__REQUIRED ACTION__
Reproduce the entries below exactly, but leave the pictures out.

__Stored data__
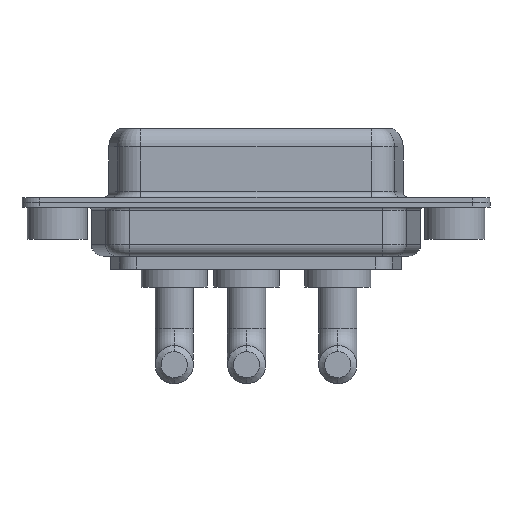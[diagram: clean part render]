
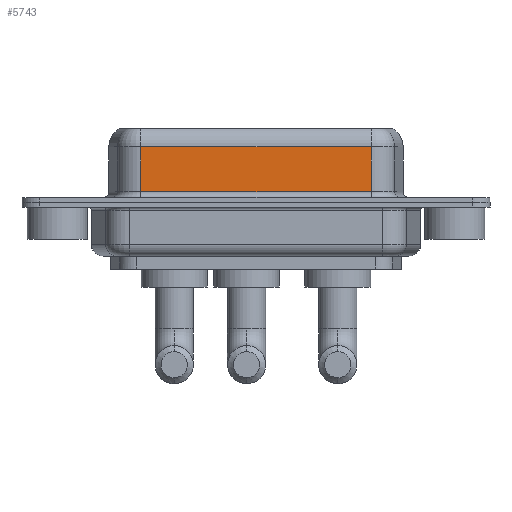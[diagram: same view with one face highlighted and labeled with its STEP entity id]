
A CAD part, front view. The second image highlights one B-rep face of the part: STEP entity #5743.
In plain terms, the highlighted planar face has unit normal (0, -1, 0).
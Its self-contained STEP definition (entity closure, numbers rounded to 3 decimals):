
#35 = FACE_OUTER_BOUND ( 'NONE', #4717, .T. ) ;
#129 = DIRECTION ( 'NONE',  ( 0., 0., -1. ) ) ;
#323 = LINE ( 'NONE', #8886, #11407 ) ;
#2673 = ORIENTED_EDGE ( 'NONE', *, *, #8656, .T. ) ;
#3258 = VERTEX_POINT ( 'NONE', #10459 ) ;
#3319 = LINE ( 'NONE', #10847, #12916 ) ;
#3811 = AXIS2_PLACEMENT_3D ( 'NONE', #8530, #12781, #11861 ) ;
#4264 = PLANE ( 'NONE',  #3811 ) ;
#4349 = ORIENTED_EDGE ( 'NONE', *, *, #5362, .F. ) ;
#4528 = CARTESIAN_POINT ( 'NONE',  ( 26.287, -3.95, 0.9 ) ) ;
#4717 = EDGE_LOOP ( 'NONE', ( #4349, #6885, #2673, #10744 ) ) ;
#5158 = VERTEX_POINT ( 'NONE', #7036 ) ;
#5336 = LINE ( 'NONE', #12919, #11430 ) ;
#5362 = EDGE_CURVE ( 'NONE', #7550, #6765, #3319, .T. ) ;
#5486 = CARTESIAN_POINT ( 'NONE',  ( 26.287, -3.95, 0.9 ) ) ;
#5743 = ADVANCED_FACE ( 'NONE', ( #35 ), #4264, .F. ) ;
#6131 = VECTOR ( 'NONE', #8719, 1000. ) ;
#6765 = VERTEX_POINT ( 'NONE', #5486 ) ;
#6885 = ORIENTED_EDGE ( 'NONE', *, *, #9340, .T. ) ;
#6934 = DIRECTION ( 'NONE',  ( 0., 0., -1. ) ) ;
#7036 = CARTESIAN_POINT ( 'NONE',  ( 7.013, -3.95, 0.9 ) ) ;
#7469 = LINE ( 'NONE', #4528, #6131 ) ;
#7550 = VERTEX_POINT ( 'NONE', #10806 ) ;
#8530 = CARTESIAN_POINT ( 'NONE',  ( 26.287, -3.95, 6.4 ) ) ;
#8656 = EDGE_CURVE ( 'NONE', #3258, #5158, #323, .T. ) ;
#8719 = DIRECTION ( 'NONE',  ( 1., 0., 0. ) ) ;
#8886 = CARTESIAN_POINT ( 'NONE',  ( 7.013, -3.95, 6.4 ) ) ;
#9340 = EDGE_CURVE ( 'NONE', #7550, #3258, #5336, .T. ) ;
#10459 = CARTESIAN_POINT ( 'NONE',  ( 7.013, -3.95, 4.65 ) ) ;
#10744 = ORIENTED_EDGE ( 'NONE', *, *, #11911, .T. ) ;
#10806 = CARTESIAN_POINT ( 'NONE',  ( 26.287, -3.95, 4.65 ) ) ;
#10847 = CARTESIAN_POINT ( 'NONE',  ( 26.287, -3.95, 6.4 ) ) ;
#10901 = DIRECTION ( 'NONE',  ( -1., 0., 0. ) ) ;
#11407 = VECTOR ( 'NONE', #6934, 1000. ) ;
#11430 = VECTOR ( 'NONE', #10901, 1000. ) ;
#11861 = DIRECTION ( 'NONE',  ( 0., 0., 1. ) ) ;
#11911 = EDGE_CURVE ( 'NONE', #5158, #6765, #7469, .T. ) ;
#12781 = DIRECTION ( 'NONE',  ( 0., 1., 0. ) ) ;
#12916 = VECTOR ( 'NONE', #129, 1000. ) ;
#12919 = CARTESIAN_POINT ( 'NONE',  ( 26.287, -3.95, 4.65 ) ) ;

__WRITTEN SOLUTION__
[diagram: clean part render]
[diagram: same view with one face highlighted and labeled with its STEP entity id]
A CAD part, front view. The second image highlights one B-rep face of the part: STEP entity #5743.
In plain terms, the highlighted planar face has unit normal (0, -1, 0).
Its self-contained STEP definition (entity closure, numbers rounded to 3 decimals):
#35 = FACE_OUTER_BOUND ( 'NONE', #4717, .T. ) ;
#129 = DIRECTION ( 'NONE',  ( 0., 0., -1. ) ) ;
#323 = LINE ( 'NONE', #8886, #11407 ) ;
#2673 = ORIENTED_EDGE ( 'NONE', *, *, #8656, .T. ) ;
#3258 = VERTEX_POINT ( 'NONE', #10459 ) ;
#3319 = LINE ( 'NONE', #10847, #12916 ) ;
#3811 = AXIS2_PLACEMENT_3D ( 'NONE', #8530, #12781, #11861 ) ;
#4264 = PLANE ( 'NONE',  #3811 ) ;
#4349 = ORIENTED_EDGE ( 'NONE', *, *, #5362, .F. ) ;
#4528 = CARTESIAN_POINT ( 'NONE',  ( 26.287, -3.95, 0.9 ) ) ;
#4717 = EDGE_LOOP ( 'NONE', ( #4349, #6885, #2673, #10744 ) ) ;
#5158 = VERTEX_POINT ( 'NONE', #7036 ) ;
#5336 = LINE ( 'NONE', #12919, #11430 ) ;
#5362 = EDGE_CURVE ( 'NONE', #7550, #6765, #3319, .T. ) ;
#5486 = CARTESIAN_POINT ( 'NONE',  ( 26.287, -3.95, 0.9 ) ) ;
#5743 = ADVANCED_FACE ( 'NONE', ( #35 ), #4264, .F. ) ;
#6131 = VECTOR ( 'NONE', #8719, 1000. ) ;
#6765 = VERTEX_POINT ( 'NONE', #5486 ) ;
#6885 = ORIENTED_EDGE ( 'NONE', *, *, #9340, .T. ) ;
#6934 = DIRECTION ( 'NONE',  ( 0., 0., -1. ) ) ;
#7036 = CARTESIAN_POINT ( 'NONE',  ( 7.013, -3.95, 0.9 ) ) ;
#7469 = LINE ( 'NONE', #4528, #6131 ) ;
#7550 = VERTEX_POINT ( 'NONE', #10806 ) ;
#8530 = CARTESIAN_POINT ( 'NONE',  ( 26.287, -3.95, 6.4 ) ) ;
#8656 = EDGE_CURVE ( 'NONE', #3258, #5158, #323, .T. ) ;
#8719 = DIRECTION ( 'NONE',  ( 1., 0., 0. ) ) ;
#8886 = CARTESIAN_POINT ( 'NONE',  ( 7.013, -3.95, 6.4 ) ) ;
#9340 = EDGE_CURVE ( 'NONE', #7550, #3258, #5336, .T. ) ;
#10459 = CARTESIAN_POINT ( 'NONE',  ( 7.013, -3.95, 4.65 ) ) ;
#10744 = ORIENTED_EDGE ( 'NONE', *, *, #11911, .T. ) ;
#10806 = CARTESIAN_POINT ( 'NONE',  ( 26.287, -3.95, 4.65 ) ) ;
#10847 = CARTESIAN_POINT ( 'NONE',  ( 26.287, -3.95, 6.4 ) ) ;
#10901 = DIRECTION ( 'NONE',  ( -1., 0., 0. ) ) ;
#11407 = VECTOR ( 'NONE', #6934, 1000. ) ;
#11430 = VECTOR ( 'NONE', #10901, 1000. ) ;
#11861 = DIRECTION ( 'NONE',  ( 0., 0., 1. ) ) ;
#11911 = EDGE_CURVE ( 'NONE', #5158, #6765, #7469, .T. ) ;
#12781 = DIRECTION ( 'NONE',  ( 0., 1., 0. ) ) ;
#12916 = VECTOR ( 'NONE', #129, 1000. ) ;
#12919 = CARTESIAN_POINT ( 'NONE',  ( 26.287, -3.95, 4.65 ) ) ;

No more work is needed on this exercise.